Here’s an example: If a client is in the 22% tax bracket, he or she can save $1,100 in federal income taxes by directing a $5,000 distribution to a QCD. The net is the same as if the client had been able to deduct the gift from gross income. By donating this way, your clients can reduce their adjusted gross income, which can mean less taxable Social Security and possibly lower Medicare premiums.
There’s yet another tax-planning perk: If your clients reside in states that don’t allow itemized deductions and they take advantage of a QCD, they may pay less in state taxes as well.

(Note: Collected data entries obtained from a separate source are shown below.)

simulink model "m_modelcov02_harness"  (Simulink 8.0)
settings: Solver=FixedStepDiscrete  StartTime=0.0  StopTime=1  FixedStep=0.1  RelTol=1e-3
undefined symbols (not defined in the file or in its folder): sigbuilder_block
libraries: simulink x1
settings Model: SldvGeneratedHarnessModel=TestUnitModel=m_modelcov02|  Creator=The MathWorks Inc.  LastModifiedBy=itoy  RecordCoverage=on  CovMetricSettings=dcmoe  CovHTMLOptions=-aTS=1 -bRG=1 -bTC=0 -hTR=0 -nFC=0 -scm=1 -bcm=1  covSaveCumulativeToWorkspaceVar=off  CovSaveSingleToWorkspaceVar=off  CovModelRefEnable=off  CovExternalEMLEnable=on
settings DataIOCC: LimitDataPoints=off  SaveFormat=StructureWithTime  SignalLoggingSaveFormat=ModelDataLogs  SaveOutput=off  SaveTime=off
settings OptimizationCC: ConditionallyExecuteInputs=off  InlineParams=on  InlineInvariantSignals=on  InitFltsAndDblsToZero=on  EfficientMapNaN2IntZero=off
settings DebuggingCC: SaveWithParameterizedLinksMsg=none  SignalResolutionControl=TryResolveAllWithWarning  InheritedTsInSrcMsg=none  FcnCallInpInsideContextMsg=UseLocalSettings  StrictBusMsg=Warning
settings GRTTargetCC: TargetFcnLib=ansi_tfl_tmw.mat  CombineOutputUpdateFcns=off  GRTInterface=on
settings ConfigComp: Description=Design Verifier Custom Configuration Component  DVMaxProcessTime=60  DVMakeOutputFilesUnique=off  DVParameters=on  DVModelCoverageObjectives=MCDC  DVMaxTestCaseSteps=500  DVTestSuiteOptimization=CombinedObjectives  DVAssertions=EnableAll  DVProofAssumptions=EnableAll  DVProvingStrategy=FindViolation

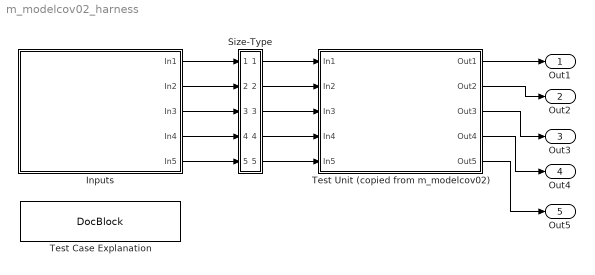
== system m_modelcov02_harness ==
  Inputs : Subsystem  Tag=STV Subsys  LoadFcn=sigbuilder_block('load',[49.5 50.25 519.75 399.75 ]);  StartFcn=sigbuilder_block('start');  StopFcn=sigbuilder_block('stop');  ClipboardFcn=sigbuilder_block('clipboard');  mask(Sigbuilder block){}
      mask init:
      | if ~strcmp(get_param(bdroot(gcb),'SimulationStatus'),'stopped'),tuvar = sigbuilder_block('maskInit'); end
      settings: CopyFcn=sigbuilder_block('copy');  DeleteFcn=sigbuilder_block('delete');  ModelCloseFcn=sigbuilder_block('modelClose');  PreSaveFcn=sigbuilder_block('preSave');  PauseFcn=sigbuilder_block('pause');  ContinueFcn=sigbuilder_block('continue');  NameChangeFcn=sigbuilder_block('namechange');  OpenFcn=sigbuilder_block('open');  CloseFcn=sigbuilder_block('close');
      mask Display: plot(0, 0, 100, 100,[2, 2, 32, 32, 2], [68, 8, 8, 68, 68],[32, 2], [38, 38], [32, 19, 2],[53, 60, 44], [32, 17, 17, 2],[16, 16, 31, 31]);txt = getActiveGroup(gcbh);text(2, 100, txt,'verticalAlignment', 'top');
  Size-Type : Subsystem
  Test Case Explanation : simulink/Model-Wide Utilities/DocBlock  DocumentType=Text
  Test Unit (copied from m_modelcov02) : Subsystem
  Out1 : Outport
  Out2 : Outport  Port=2
  Out3 : Outport  Port=3
  Out4 : Outport  Port=4
  Out5 : Outport  Port=5
  wires:
  Inputs/1(In1) -> Size-Type/1(In1)
  Size-Type/1(Out1) -> Test Unit (copied from m_modelcov02)/1(In1)
  Inputs/2(In2) -> Size-Type/2(In2)
  Size-Type/2(Out2) -> Test Unit (copied from m_modelcov02)/2(In2)
  Inputs/3(In3) -> Size-Type/3(In3)
  Size-Type/3(Out3) -> Test Unit (copied from m_modelcov02)/3(In3)
  Inputs/4(In4) -> Size-Type/4(In4)
  Size-Type/4(Out4) -> Test Unit (copied from m_modelcov02)/4(In4)
  Inputs/5(In5) -> Size-Type/5(In5)
  Size-Type/5(Out5) -> Test Unit (copied from m_modelcov02)/5(In5)
  Test Unit (copied from m_modelcov02)/1(Out1) -> Out1/1
  Test Unit (copied from m_modelcov02)/2(Out2) -> Out2/1
  Test Unit (copied from m_modelcov02)/3(Out3) -> Out3/1
  Test Unit (copied from m_modelcov02)/4(Out4) -> Out4/1
  Test Unit (copied from m_modelcov02)/5(Out5) -> Out5/1

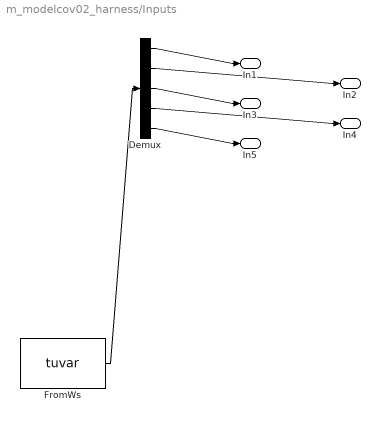
== system m_modelcov02_harness/Inputs ==
  Demux : Demux  Tag=STV Demux  Outputs=5
  FromWs : FromWorkspace  Tag=STV FromWs  VariableName=tuvar  SampleTime=0  SigBuilderData=DataTag0  VnvData=DataTag1
      SigBuilderData=|
      | dataSet.timeRange = [0 0.1]
      | dataSet.name = 'Test Case 1'
      | sbobj.Name = 'Signal Builder'
      | sbobj.Groups.Name = 'Test Case 1'
      | sbobj.Groups.Signals(1).Name = 'In1'
      | sbobj.Groups.Signals(1).XData = [0 0.1]
      | sbobj.Groups.Signals(1).YData = [0 0]
      | sbobj.Groups.Signals(2).Name = 'In2'
      | sbobj.Groups.Signals(2).XData = [0 0.1]
      | sbobj.Groups.Signals(2).YData = [0 0]
      | sbobj.Groups.Signals(3).Name = 'In3'
      | sbobj.Groups.Signals(3).XData = [0 0.1]
      | sbobj.Groups.Signals(3).YData = [0 0]
      | sbobj.Groups.Signals(4).Name = 'In4'
      | sbobj.Groups.Signals(4).XData = [0 0.1]
      | sbobj.Groups.Signals(4).YData = [0 0]
      | sbobj.Groups.Signals(5).Name = 'In5'
      | sbobj.Groups.Signals(5).XData = [0 0.1]
      | sbobj.Groups.Signals(5).YData = [0 0]
      | sbobj.Groups.TimeRange = [0 0.1]
  In1 : Outport  Tag=STV Outport
  In2 : Outport  Tag=STV Outport  Port=2
  In3 : Outport  Tag=STV Outport  Port=3
  In4 : Outport  Tag=STV Outport  Port=4
  In5 : Outport  Tag=STV Outport  Port=5
  wires:
  FromWs/1 -> Demux/1
  Demux/1 -> In1/1
  Demux/2 -> In2/1
  Demux/3 -> In3/1
  Demux/4 -> In4/1
  Demux/5 -> In5/1

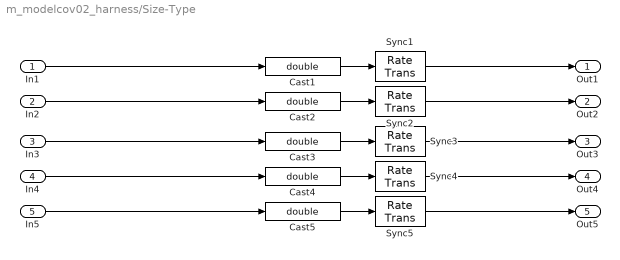
== system m_modelcov02_harness/Size-Type ==
  In1 : Inport
  In2 : Inport  Port=2
  In3 : Inport  Port=3
  In4 : Inport  Port=4
  In5 : Inport  Port=5
  Cast{1..5} (5 alike) : DataTypeConversion  OutDataTypeStr=double  SaturateOnIntegerOverflow=on  RndMeth=Zero
  Sync{1..5} (5 alike) : RateTransition  OutPortSampleTime=[0.10000000000000001,0]
  Out1 : Outport
  Out2 : Outport  Port=2
  Out3 : Outport  Port=3
  Out4 : Outport  Port=4
  Out5 : Outport  Port=5
  wires:
  In1/1 -> Cast1/1
  Cast1/1 -> Sync1/1
  Sync1/1 -> Out1/1
  In2/1 -> Cast2/1
  Cast2/1 -> Sync2/1
  Sync2/1 -> Out2/1
  In3/1 -> Cast3/1
  Cast3/1 -> Sync3/1
  Sync3/1 -> Out3/1
  In4/1 -> Cast4/1
  Cast4/1 -> Sync4/1
  Sync4/1 -> Out4/1
  In5/1 -> Cast5/1
  Cast5/1 -> Sync5/1
  Sync5/1 -> Out5/1

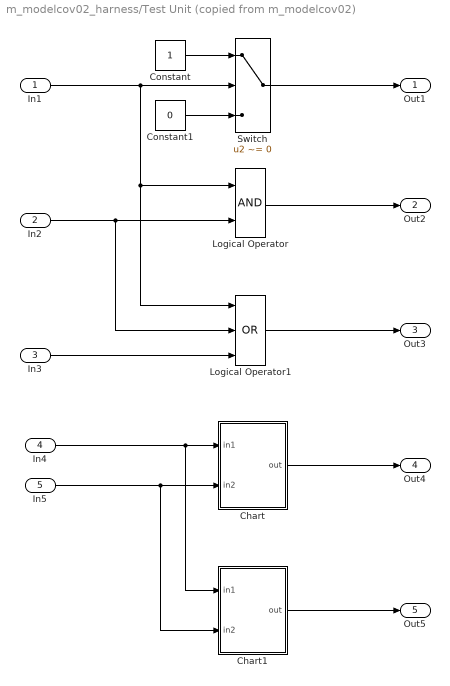
== system m_modelcov02_harness/Test Unit (copied from m_modelcov02) ==
  In1 : Inport
  In2 : Inport  Port=2
  In3 : Inport  Port=3
  In4 : Inport  Port=4
  In5 : Inport  Port=5
  Chart : Stateflow chart  TreatAsAtomicUnit=on
  Chart1 : Stateflow chart  TreatAsAtomicUnit=on
  Constant : Constant
  Constant1 : Constant  Value=0
  Logical Operator : Logic  AllPortsSameDT=off  OutDataTypeStr=boolean
  Logical Operator1 : Logic  Operator=OR  Inputs=3  AllPortsSameDT=off  OutDataTypeStr=boolean
  Switch : Switch  Criteria=u2 ~= 0
  Out1 : Outport
  Out2 : Outport  Port=2
  Out3 : Outport  Port=3
  Out4 : Outport  Port=4
  Out5 : Outport  Port=5
  wires:
  Chart1/1(out) -> Out5/1
  Chart/1(out) -> Out4/1
  In5/1 -> Chart1/2(in2), Chart/2(in2)
  In4/1 -> Chart1/1(in1), Chart/1(in1)
  Logical Operator1/1 -> Out3/1
  Logical Operator/1 -> Out2/1
  In3/1 -> Logical Operator1/3
  In2/1 -> Logical Operator1/2, Logical Operator/2
  Switch/1 -> Out1/1
  Constant1/1 -> Switch/3
  In1/1 -> Logical Operator/1, Logical Operator1/1, Switch/2
  Constant/1 -> Switch/1

== stateflow chart Test Unit (copied from m_modelcov02)/Chart ==
  state P/
    state A/
      out = 1;
    state B/
      out = 0;
    (default) -> A
    A -> B : [ in1 == 0 ]
    B -> A : [ in1 ~= 0 ]
  state C/
    out = 2;
  (default) -> P
  C -> A : [in2 ~= 1]
  P -> C : [in2 == 1]
  data: in1 input double; in2 input double; out output uint8

== stateflow chart Test Unit (copied from m_modelcov02)/Chart1 ==
  (default) -> (junction 22)
  (junction 22) -> (junction 21) [order 1] : [ in1 == 1 && in2 == 0 ]
  (junction 21) -> (junction 24) : {
      | out = 0;
      | }
  (junction 22) -> (junction 23) [order 2] : {
      | out = 1;
      | }
  data: in1 input double; in2 input double; out output uint8

The bottom line: Directing required minimum distributions from IRAs to a QCD can reduce federal tax liability, and has the potential to reduce state taxes, social security taxes, and Medicare premiums. It also means charities of choice still receive their gift – it’s a win-win for all. For more information about how to take advantage of a qualified charitable distribution, please contact me or a member of your JDJ team.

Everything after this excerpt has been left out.